# Internal Structure Of Snapshot Repository

Do you know these files?

## Introduction

If you use an Elasticsearch cluster in production, I believe you must have heard of Elasticsearch’s snapshot and restore feature, because it is an important means to ensure that cluster data is not lost. There are a lot of materials on the Internet about how to use Elasticsearch snapshots, but there are very few articles about its implementation. Today, I want to discuss with you the internal structure of the Elasticsearch snapshot repository. Knowing it can give us a better understanding of how Elasticsearch’s snapshots work, and can also provide more ideas for troubleshooting when there is a problem in production.
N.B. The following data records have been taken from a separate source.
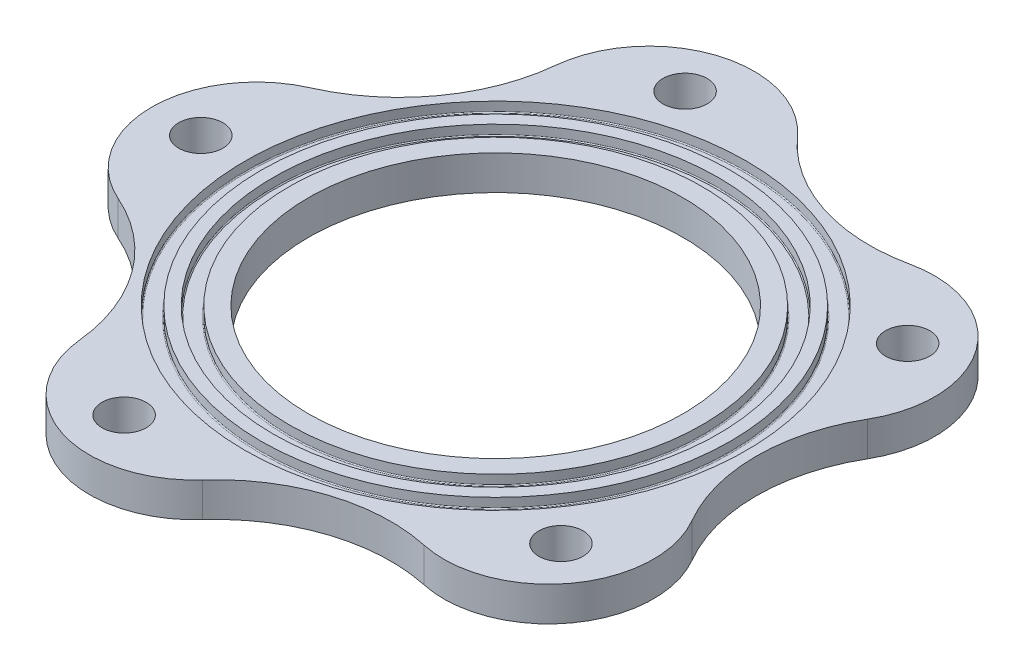
SolidWorks part; units mm, degrees
ref_plane "Front Plane" through (0, 0, 0) normal (0, 0, 1) x (1, 0, 0)
ref_plane "Top Plane" through (0, 0, 0) normal (0, 1, 0) x (1, 0, 0)
ref_plane "Right Plane" through (0, 0, 0) normal (1, 0, 0) x (0, 0, -1)
sketch "Sketch1" plane through (0, 0, 0) normal (0, 1, 0) x (1, 0, 0)
  circle A0 centre (0, 0) radius 38.1
  circle A9 centre (0, 0) radius 70
  circle A10 centre (0, 0) radius 47.4 construction
  dimension "D1" = 76.2
  dimension "D7" = 94.8
  dimension "D6" = 140
extrude "Boss-Extrude3" add sketch "Sketch1" along normal blind 7 contours A0 | A9 | A0 region at (-68.0201, 0, 0)
sketch "Sketch6" plane through (0, 0, 0) normal (1, 0, 0) x (0, 0, -1)
  line L0 (0, -6.7559) -> (0, 9.1132) construction
sketch "Sketch7" plane through (0, 0, 0) normal (0, 1, 0) x (1, 0, 0)
  line L0 (0, 0) -> (-70, 0) construction
  line L1 (-56.6312, -41.145) -> (0, 0) construction
  circle A0 centre (-48.541, -35.2671) radius 7 construction
  circle A1 centre (0, 0) radius 70 construction
  arc A2 (-42.8779, -31.1526) -> (-57.2762, -19.5288) centre (-71.6382, -52.0482) ccw
  circle A3 centre (-60, 0) radius 4.5 construction
  arc A4 (-42.8779, 31.1526) -> (-57.2762, 19.5288) centre (-71.6382, 52.0482) cw
  arc A6 (-57.2762, -19.5288) -> (-57.2762, 19.5288) centre (-48.6515, 0) cw
  circle A7 centre (0, 0) radius 70 construction
  circle A8 centre (0, 0) radius 70
  arc A9 (16.3779, 50.406) -> (0.8736, 60.5077) centre (27.3634, 84.2158) cw
  circle A10 centre (-18.541, 57.0634) radius 4.5 construction
  arc A11 (-36.2723, 48.4382) -> (0.8736, 60.5077) centre (-15.0341, 46.2703) cw
  arc A12 (-42.8779, 31.1526) -> (-36.2723, 48.4382) centre (-71.6382, 52.0482) ccw
  arc A13 (53, 0) -> (57.8162, 17.867) centre (88.5497, 0) cw
  circle A14 centre (48.541, 35.2671) radius 4.5 construction
  arc A15 (34.8587, 49.4652) -> (57.8162, 17.867) centre (39.3599, 28.5966) cw
  arc A16 (16.3779, 50.406) -> (34.8587, 49.4652) centre (27.3634, 84.2158) ccw
  arc A17 (16.3779, -50.406) -> (34.8587, -49.4652) centre (27.3634, -84.2158) cw
  circle A18 centre (48.541, -35.2671) radius 4.5 construction
  arc A19 (57.8162, -17.867) -> (34.8587, -49.4652) centre (39.3599, -28.5966) cw
  arc A20 (53, 0) -> (57.8162, -17.867) centre (88.5497, 0) ccw
  arc A21 (-42.8779, -31.1526) -> (-36.2723, -48.4382) centre (-71.6382, -52.0482) cw
  circle A22 centre (-18.541, -57.0634) radius 4.5 construction
  arc A23 (0.8736, -60.5077) -> (-36.2723, -48.4382) centre (-15.0341, -46.2703) cw
  arc A24 (16.3779, -50.406) -> (0.8736, -60.5077) centre (27.3634, -84.2158) ccw
  point P60 (0, 0)
  dimension "D1" = 9
  dimension "D3" = 14
  dimension "D2" = 60
  dimension "D4" = 36
  dimension "D5" = 60
  dimension "D6" = 18
  dimension "D7" = 5
extrude "Cut-Extrude8" cut sketch "Sketch7" along normal through all contours A4 A12 A11 A8 A6 | A8 A23 A21 A2 A6 | A17 A24 A23 A8 A19 | A13 A20 A19 A8 A15 | A10 | A9 A16 A15 A8 A11 region at (-50.178, 0, 36.4564) region at (-50.178, 0, -36.4564) region at (19.1663, 0, 58.9877) region at (19.1663, 0, -58.9877) region at (62.0234, 0, 0)
sketch "Sketch10" plane through (0, 0, 0) normal (0, -1, 0) x (1, 0, 0)
  circle A0 centre (-60, 0) radius 4.5 construction
  circle A1 centre (-60, 0) radius 4.5
extrude "Cut-Extrude10" cut sketch "Sketch10" against normal through all
pattern_circular "CirPattern1" count 5 over 360 about axis through (0, -6.7559, 0) along (0, 1, 0) of "Cut-Extrude10"
sketch "Sketch9" plane through (0, 7, 0) normal (0, 1, 0) x (1, 0, 0)
  circle A0 centre (0, 0) radius 42
  circle A1 centre (0, 0) radius 45.25
  circle A2 centre (0, 0) radius 47.75
  circle A3 centre (0, 0) radius 51
  dimension "D1" = 84
  dimension "D2" = 3.25
  dimension "D3" = 95.5
  dimension "D4" = 3.25
extrude "Cut-Extrude9" cut sketch "Sketch9" against normal blind 2 contours A3 A2 | A1 A0 region at (-43.9701, 7, 0) region at (-49.5575, 7, 0)
fillet "Fillet1" radius 0.2 4 edges at (0, 5, 45.25) (0, 5, 42) (0, 5, 51) (0, 5, 47.75)
equation "\"Bolt\"= 10'number of bolts"
equation "\"D4@Sketch7\"=360/\"Bolt\""

• What is a snapshot repository?
• Different files inside a snapshot repository
• Learning more about index-N files
• Learning more about the index.latest file
• Learning more about snapshot information files

Without further ado, let’s get started right away!

## What is a snapshot repository?

A snapshot repository is a location where Elasticsearch stores snapshots. One snapshot repository can store multiple snapshots. Snapshots are how Elasticsearch backups your data. You can create a snapshot for one single index or multiple indices. Inside a snapshot repository, snapshots are incremental: new snapshots will only snapshot those parts that were not snapshotted in the previous snapshot to avoid wasting time and storage space. There are many types of snapshot repositories: they can be local repository or remote repositories for cloud providers, such as AWS S3, Google Cloud Storage, Azure Blob Storage, Aliyun OSS, etc.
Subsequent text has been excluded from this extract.